Data excerpts =>
____________________

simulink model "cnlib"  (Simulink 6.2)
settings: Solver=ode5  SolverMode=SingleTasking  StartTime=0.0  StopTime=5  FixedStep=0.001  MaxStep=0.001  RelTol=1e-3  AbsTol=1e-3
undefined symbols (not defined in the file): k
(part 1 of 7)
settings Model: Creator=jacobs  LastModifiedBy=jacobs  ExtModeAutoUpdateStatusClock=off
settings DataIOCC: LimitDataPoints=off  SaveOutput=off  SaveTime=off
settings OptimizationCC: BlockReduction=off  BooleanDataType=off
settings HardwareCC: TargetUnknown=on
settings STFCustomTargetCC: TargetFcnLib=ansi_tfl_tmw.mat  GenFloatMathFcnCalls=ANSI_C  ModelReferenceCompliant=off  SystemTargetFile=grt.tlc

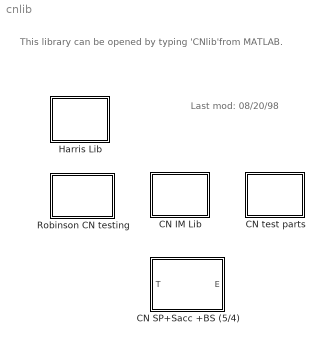
== system cnlib ==
  note: This library can be opened by typing
      |  'CNlib'from MATLAB.
  note: Last mod:
      | 08/20/98
  CN IM Lib : Subsystem
      mask Type: Lib
      mask Display: disp('CN IM\nLib')
  CN SP+Sacc +BS (5/4) : Subsystem
      mask init:
      | k=0.25;
      mask Display: disp('CN Model\nSP (DARm)\nSacc+BS')
  CN test parts : Subsystem
      mask Type: Lib
      mask Display: disp('CN Test\nParts')
  Harris Lib : Subsystem
      mask Display: disp('Harris\nLibrary')
  Robinson CN testing : Subsystem
      mask Display: disp('Robinson\nCN test')

== system cnlib/CN IM Lib ==
  BS Logic1 : Subsystem  Orientation=up
      mask Display: disp('BS/FS\nLogic')
  FS or BS? : Subsystem
      mask Display: disp('FS/BS?')
  IM (SP) 1z2p : Subsystem
      mask Display: disp('IM (SP)')
  IM (SP) 2p : Subsystem
      mask Display: disp('IM (SP)')
  IM (sacc) (FS) (old) : Subsystem
      mask Display: disp('IM (Sacc)')
  IM (sacc) (FS+BS) (old) : Subsystem
      mask Display: disp('IM (Sacc)')
  "IM (sacc) (FS+BS) (old) " : Subsystem
      mask Display: disp('IM (Sacc)')
  IM (sp) 1p : Subsystem
      mask Display: disp('IM (SP)')
  IM SP + Sacc (pos-vel) : Subsystem  Orientation=left
      mask Display: disp('IM\nSP + Sacc\n(pos-vel)')
  IM Sacc (pos-vel) (good!) : Subsystem
      mask Display: disp('IM\nSP + Sacc\n(pos-vel)')

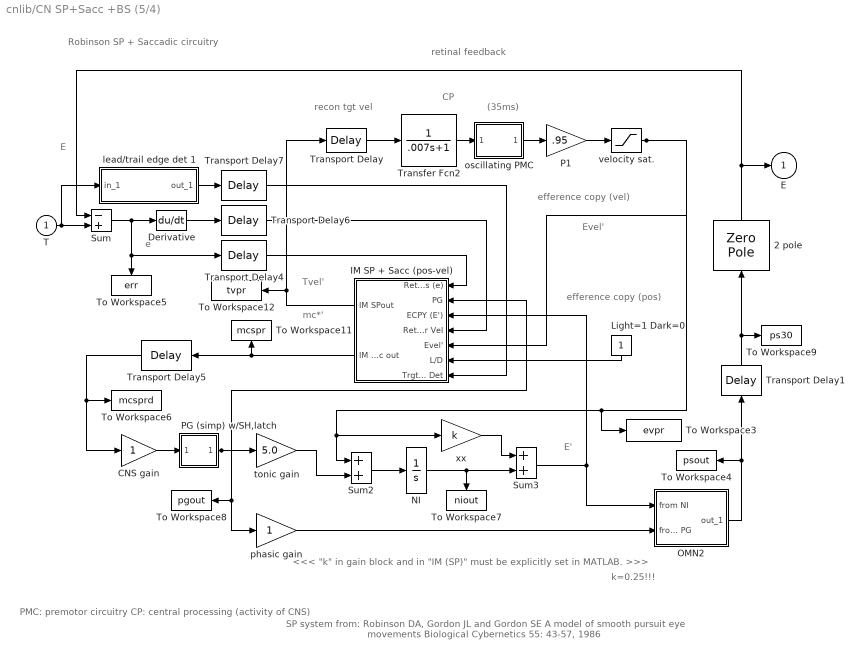
== system cnlib/CN SP+Sacc +BS (5/4) ==
  note: efference copy (pos)
  note: Evel'
  note: mc*'
  note: Tvel'
  note: e
  note: E
  note: E'
  note: k=0.25!!!
  note: retinal feedback
  note: recon tgt vel
  note: efference copy (vel)
  note: CP
  note: <<<  "k" in gain block and in "IM (SP)"
      | must be explicitly set in MATLAB.  >>>
  note: Robinson SP + Saccadic circuitry
  note: PMC: premotor circuitry
      | CP: central processing (activity of CNS)
  note: SP system from: Robinson DA, Gordon JL and Gordon SE
      | A model of smooth pursuit eye movements
      | Biological Cybernetics 55: 43-57,  1986
  note: (35ms)
  T : Inport  Port=1  LatchInput=off
  2 pole : ZeroPole  Orientation=up  Zeros=[ ]  Poles=[ -1/.18 -1/.007]  Gain=[1/.18 * 1/.007]
      mask Display: disp('2-pole\nPlant')
  CNS gain : Gain  SaturateOnIntegerOverflow=on
  Derivative : Derivative
      mask Display: disp('s')
  IM SP + Sacc (pos-vel) : Subsystem  Orientation=left
      mask Display: disp('IM\nSP + Sacc\n(pos-vel)')
  Light=1 Dark=0 : Constant  Orientation=down
  NI : Integrator
  OMN2 : Subsystem
      mask Display: disp('<--"tonic" \nOMN2\n<--"phasic"')
  P1 : Gain  Gain=.95  SaturateOnIntegerOverflow=on
  PG (simp) w/SH,latch : Subsystem
      mask Display: disp('PG')
  Sum : Sum  Inputs=-+  SaturateOnIntegerOverflow=on  InputSameDT=on
  Sum2 : Sum  SaturateOnIntegerOverflow=on  InputSameDT=on
  Sum3 : Sum  SaturateOnIntegerOverflow=on  InputSameDT=on
  To Workspace11 : ToWorkspace  VariableName=mcspr  SaveFormat=Array
      settings: Orientation=up  MaxDataPoints=10000
  To Workspace12 : ToWorkspace  VariableName=tvpr  SaveFormat=Array
      settings: MaxDataPoints=10000
  To Workspace3 : ToWorkspace  VariableName=evpr  SaveFormat=Array
      settings: MaxDataPoints=10000
  To Workspace4 : ToWorkspace  VariableName=psout  SaveFormat=Array
      settings: MaxDataPoints=10000
  To Workspace5 : ToWorkspace  VariableName=err  SaveFormat=Array
      settings: Orientation=down  MaxDataPoints=10000
  To Workspace6 : ToWorkspace  VariableName=mcsprd  SaveFormat=Array
      settings: MaxDataPoints=10000
  To Workspace7 : ToWorkspace  VariableName=niout  SaveFormat=Array
      settings: Orientation=down  MaxDataPoints=10000
  To Workspace8 : ToWorkspace  VariableName=pgout  SaveFormat=Array
      settings: MaxDataPoints=10000
  To Workspace9 : ToWorkspace  VariableName=ps30  SaveFormat=Array
      settings: MaxDataPoints=10000
  Transfer Fcn2 : TransferFcn  Denominator=[.007 1]
  Transport Delay : TransportDelay  DelayTime=0.015
      mask Display: disp('15ms')
  Transport Delay1 : TransportDelay  Orientation=up  DelayTime=0.03
      mask Display: disp('30ms')
  Transport Delay4 : TransportDelay  DelayTime=.05
      mask Display: disp('50ms')
  Transport Delay5 : TransportDelay  Orientation=left  DelayTime=0.001
      mask Display: disp('1ms')
  Transport Delay6 : TransportDelay  DelayTime=.05
      mask Display: disp('50ms')
  Transport Delay7 : TransportDelay  DelayTime=.05
      mask Display: disp('50ms')
  lead/trail edge det 1 : Subsystem
      mask Display: disp('Target Change\nDetection')
  oscillating PMC : Subsystem
      mask Display: disp('PMC+')
  phasic gain : Gain  SaturateOnIntegerOverflow=on
  tonic gain : Gain  Gain=5.0  SaturateOnIntegerOverflow=on
  velocity sat. : Saturate  UpperLimit=90  LowerLimit=-90
  xx : Gain  Gain=k  SaturateOnIntegerOverflow=on
  E : Outport  InitialOutput=0
  wires:
  Transport Delay5/1 -> CNS gain/1, To Workspace6/1
  CNS gain/1 -> PG (simp) w/SH,latch/1(in_1)
  PG (simp) w/SH,latch/1(out_1) -> phasic gain/1, To Workspace8/1, IM SP + Sacc (pos-vel)/2(PG), tonic gain/1
  IM SP + Sacc (pos-vel)/2(IM Sacc out) -> Transport Delay5/1, To Workspace11/1
  Transport Delay7/1 -> IM SP + Sacc (pos-vel)/7(TrgtChng Det)
  lead/trail edge det 1/1(out_1) -> Transport Delay7/1
  IM SP + Sacc (pos-vel)/1(IM SPout) -> Transport Delay/1, To Workspace12/1
  Derivative/1 -> Transport Delay6/1
  Transport Delay6/1 -> IM SP + Sacc (pos-vel)/4(RetErr Vel)
  Transport Delay1/1 -> 2 pole/1, To Workspace9/1
  Sum/1 -> Derivative/1, Transport Delay4/1, To Workspace5/1
  NI/1 -> Sum3/2, To Workspace7/1
  Sum3/1 -> IM SP + Sacc (pos-vel)/3(ECPY (E')), OMN2/1(from NI)
  velocity sat./1 -> IM SP + Sacc (pos-vel)/5(Evel'), Sum2/1, xx/1, To Workspace3/1
  Light=1 Dark=0/1 -> IM SP + Sacc (pos-vel)/6(L/D)
  xx/1 -> Sum3/1
  2 pole/1 -> E/1, Sum/1
  phasic gain/1 -> OMN2/2(from PG)
  OMN2/1(out_1) -> Transport Delay1/1, To Workspace4/1
  T/1 -> lead/trail edge det 1/1(in_1), Sum/2
  Sum2/1 -> NI/1
  tonic gain/1 -> Sum2/2
  Transfer Fcn2/1 -> oscillating PMC/1(desired eye vel)
  P1/1 -> velocity sat./1
  oscillating PMC/1(efference copy eye vel) -> P1/1
  Transport Delay/1 -> Transfer Fcn2/1
  Transport Delay4/1 -> IM SP + Sacc (pos-vel)/1(RetErr Pos (e))

== system cnlib/CN test parts ==
  Tgt moved? : Subsystem
      mask Display: disp('Tgt\nmoved?')
  mult sacc test : Subsystem
      mask Display: disp('mult\nsacc\ntest')
  summing test : Subsystem

== system cnlib/Harris Lib ==
  note: Harris Lib
  Harris Model : Subsystem
      mask Display: disp('Harris\n''95')

== system cnlib/Robinson CN testing ==
  note: Robinson Library (CN Testing)
  note: Last mod:
      | 08/20/98
  Robinson Fig. 8' : Subsystem
      mask Display: disp('Robinson\n(Osc.)')
  accel saturation : MATLABFcn  MATLABFcn=accsat
      mask Display: plot([-40 -8 8 40],[-120 -60 60 120], [0 0],[-120 120],[-40 40],[0 0])
  original PMC : Subsystem
      mask Display: disp('PMC')
  oscillating PMC : Subsystem
      mask Display: disp('PMC+')

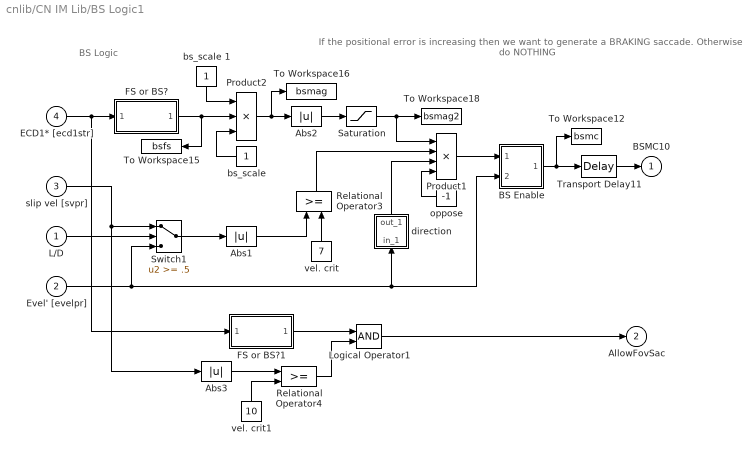
== system cnlib/CN IM Lib/BS Logic1 ==
  note: If the positional error is increasing then we want
      | to generate a BRAKING saccade.  Otherwise do NOTHING
  note: BS Logic
  L/D : Inport  Port=1  LatchInput=off
  Evel' [evelpr] : Inport  Port=2  LatchInput=off
  slip vel [svpr] : Inport  Port=3  LatchInput=off
  ECD1* [ecd1str] : Inport  Port=4  LatchInput=off
  Abs1 : Abs  SaturateOnIntegerOverflow=on
  Abs2 : Abs  SaturateOnIntegerOverflow=on
  Abs3 : Abs  SaturateOnIntegerOverflow=on
  BS Enable : Subsystem
      mask Display: disp('BS\nEnab')
  FS or BS? : Subsystem
      mask Display: disp('BS=1\nFS=0')
  FS or BS?1 : Subsystem
      mask Display: disp('FS=1\nBS=0')
  Logical Operator1 : Logic
  Product1 : Product  Inputs=4  SaturateOnIntegerOverflow=on  RndMeth=Zero  InputSameDT=on
  Product2 : Product  Inputs=3  SaturateOnIntegerOverflow=on  RndMeth=Zero  InputSameDT=on
  Relational Operator3 : RelationalOperator  Orientation=up  InputSameDT=on
  Relational Operator4 : RelationalOperator  InputSameDT=on
  Saturation : Saturate  UpperLimit=2  LowerLimit=0
  Switch1 : Switch  Threshold=.5  SaturateOnIntegerOverflow=on  InputSameDT=on
  To Workspace12 : ToWorkspace  VariableName=bsmc  SaveFormat=Array
      settings: MaxDataPoints=10000
  To Workspace15 : ToWorkspace  VariableName=bsfs  SaveFormat=Array
      settings: MaxDataPoints=10000
  To Workspace16 : ToWorkspace  VariableName=bsmag  SaveFormat=Array
      settings: MaxDataPoints=10000
  To Workspace18 : ToWorkspace  VariableName=bsmag2  SaveFormat=Array
      settings: MaxDataPoints=10000
  Transport Delay11 : TransportDelay  DelayTime=0.01
      mask Display: disp('10ms')
  "bs_scale " : Constant  Orientation=left
  bs_scale 1 : Constant  Orientation=down
  direction : Subsystem  Orientation=up
      mask Type: Sign
      mask Description: y = sign(x)
      mask Help: Sign Function:\n\t\t\ty = 1 if x > 0\n\t\t\ty = 0 if x = 0\n\t\t\ty = -1 if x < 0
      mask Display: plot(-50,-50,50,50,[-50,50],[0,0],[0,0],[-50,50],[-40,0],[-30,-30],[0,40],[30,30])
  oppose : Constant  Orientation=left  Value=-1
  vel. crit : Constant  Orientation=up  Value=7
  vel. crit1 : Constant  Orientation=up  Value=10
  BSMC10 : Outport  InitialOutput=0
  AllowFovSac : Outport  Port=2  InitialOutput=0
  wires:
  BS Enable/1("[bsmc]") -> To Workspace12/1, Transport Delay11/1
  Transport Delay11/1 -> BSMC10/1
  Relational Operator3/1 -> Product1/2
  direction/1(out_1) -> Product1/3
  oppose/1 -> Product1/4
  Product1/1 -> BS Enable/1("ecdiff1 ")
  Abs1/1 -> Relational Operator3/1
  vel. crit/1 -> Relational Operator3/2
  FS or BS?/1(BS=1 FS=0) -> To Workspace15/1, Product2/2
  L/D/1 -> Switch1/2
  Switch1/1 -> Abs1/1
  Abs2/1 -> Saturation/1
  Saturation/1 -> To Workspace18/1, Product1/1
  Product2/1 -> To Workspace16/1, Abs2/1
  "bs_scale "/1 -> Product2/3
  bs_scale 1/1 -> Product2/1
  ECD1* [ecd1str]/1 -> FS or BS?/1(pos error [ecd1str]), FS or BS?1/1(pos error [ecd1str])
  Evel' [evelpr]/1 -> direction/1(in_1), BS Enable/2("[evelpr]"), Switch1/3
  slip vel [svpr]/1 -> Switch1/1, Abs3/1
  Relational Operator4/1 -> Logical Operator1/2
  FS or BS?1/1(FS=1 BS=0) -> Logical Operator1/1
  Logical Operator1/1 -> AllowFovSac/1
  Abs3/1 -> Relational Operator4/1
  vel. crit1/1 -> Relational Operator4/2

== system cnlib/CN IM Lib/FS or BS? ==
  note: The position error is compared to its value 5 milliseconds earlier.
      | If the error is _increasing_, we want to make a braking
      | saccade to oppose the runaway.
  note: If the position error is _decreasing_, then the eye is approaching the
      | target, and we would like to generate a foveating saccade, since
      | this is our best time to consider capturing the target.
  note: FS or BS?
  pos error : Inport  Port=1  LatchInput=off
  Abs : Abs  SaturateOnIntegerOverflow=on
  Relational Operator : RelationalOperator  Operator=<=  InputSameDT=on
  Transport Delay1 : TransportDelay  DelayTime=.005
      mask Display: disp('5ms')
  FS or BS : Outport  InitialOutput=0
  wires:
  Transport Delay1/1 -> Relational Operator/2
  Relational Operator/1 -> FS or BS/1
  pos error/1 -> Abs/1
  Abs/1 -> Relational Operator/1, Transport Delay1/1

== system cnlib/CN IM Lib/IM (SP) 1z2p ==
  note: <<<  The "k" in gain and "Plant+ blocks"
      | must be explicitly set in MATLAB.  >>>
  note: IM (SP)
  in_1 : Inport  Port=1  LatchInput=off
  "\"Plant+\"" : ZeroPole  Zeros=[-1/k]  Poles=[ -1/.18 -1/.007]  Gain=[793.65*k]
  P2 : Gain  SaturateOnIntegerOverflow=on
  Transport Delay3 : TransportDelay  DelayTime=0.060
      mask Display: disp('60ms')
  out_1 : Outport  InitialOutput=0
  wires:
  Transport Delay3/1 -> out_1/1
  "\"Plant+\""/1 -> P2/1
  P2/1 -> Transport Delay3/1
  in_1/1 -> "\"Plant+\""/1

== system cnlib/CN IM Lib/IM (SP) 2p ==
  in_1 : Inport  Port=1  LatchInput=off
  P2 : Gain  SaturateOnIntegerOverflow=on
  "Robinson (142.8, 5.555)" : TransferFcn  Numerator=[1.0]  Denominator=[.00126 .187 1]
      mask Display: disp('2-pole\nPlant')
  Transport Delay3 : TransportDelay  DelayTime=0.08
      mask Display: disp('80ms')
  out_1 : Outport  InitialOutput=0
  wires:
  P2/1 -> Transport Delay3/1
  "Robinson (142.8, 5.555)"/1 -> P2/1
  in_1/1 -> "Robinson (142.8, 5.555)"/1
  Transport Delay3/1 -> out_1/1

== system cnlib/CN IM Lib/IM (sacc) (FS) (old) ==
  note: NOTE: so far, this block is only for FOVEATING
      | saccades.  The output is either zero, or the
      | retinal error (which is already the input to the PG).
  note: ((Note: the PG has its own built-in latency circuitry, so this probably
      | removes the need to add such functionality here.))
  note: For foveating saccades:
  note: Finally, we still must satisy the velocity criterion before we can generate
      |  a saccade.  Only if this condition is met, the pulse generator will
      | get the information needed to attempt to reduce the position error.
  note: This value is then compared to the threshold that must be exceeded
      | to generate a saccade.  If the value is greater than threshold it will be
      | passed along towards the output.  If not, the output will be zero.
  note: If Input 3 is '1' (light), then the efference copy of position (input 2)  is
      | passed to the rest of the block, otherwise an internal representation is used.
  note: Internal Monitor (sacc)
  note: Input 1: retinal error
      | Input 2: efference copy (pos)
      | Input 3: Light=1, dark = 0
      | Input 4: reconstructed tgt vel
      | Input 5: efference copy (vel)
  _ret err : Inport  Port=1  LatchInput=off
  _ec (pos) : Inport  Port=2  LatchInput=off
  _L/D? : Inport  Port=3  LatchInput=off
  _recon tgt vel : Inport  Port=4  LatchInput=off
  _ec (vel) : Inport  Port=5  LatchInput=off
  Logical Operator : Logic
  Product : Product  SaturateOnIntegerOverflow=on  RndMeth=Zero  InputSameDT=on
  Relational Operator : RelationalOperator  InputSameDT=on
  Relational Operator1 : RelationalOperator  InputSameDT=on
  Sum : Sum  SaturateOnIntegerOverflow=on  InputSameDT=on
  Switch1 : Switch  Threshold=.5  SaturateOnIntegerOverflow=on  InputSameDT=on
  Switch2 : Switch  Threshold=.5  SaturateOnIntegerOverflow=on  InputSameDT=on
  Transport Delay3 : TransportDelay  DelayTime=0.08
      mask Display: disp('80ms')
  pos (deg) criterion : Constant  Value=.1
  slip vel : Sum  Inputs=+-  SaturateOnIntegerOverflow=on  InputSameDT=on
  tgt pos (imag) : Constant  Value=0
  vel.(deg/sec) criterion : Constant  Orientation=up  Value=4
  out_1 : Outport  InitialOutput=0
  wires:
  _ec (vel)/1 -> Switch1/3, slip vel/2
  _L/D?/1 -> Switch1/2, Switch2/2
  Sum/1 -> Switch2/3
  tgt pos (imag)/1 -> Sum/2
  _ec (pos)/1 -> Sum/1
  _ret err/1 -> Switch2/1
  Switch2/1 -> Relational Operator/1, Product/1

____________________

PROBLEM REQUIREMENTS => Tell how many lines above include the word "TransferFcn". Give the number alone.

EXERCISE OUTPUT => 2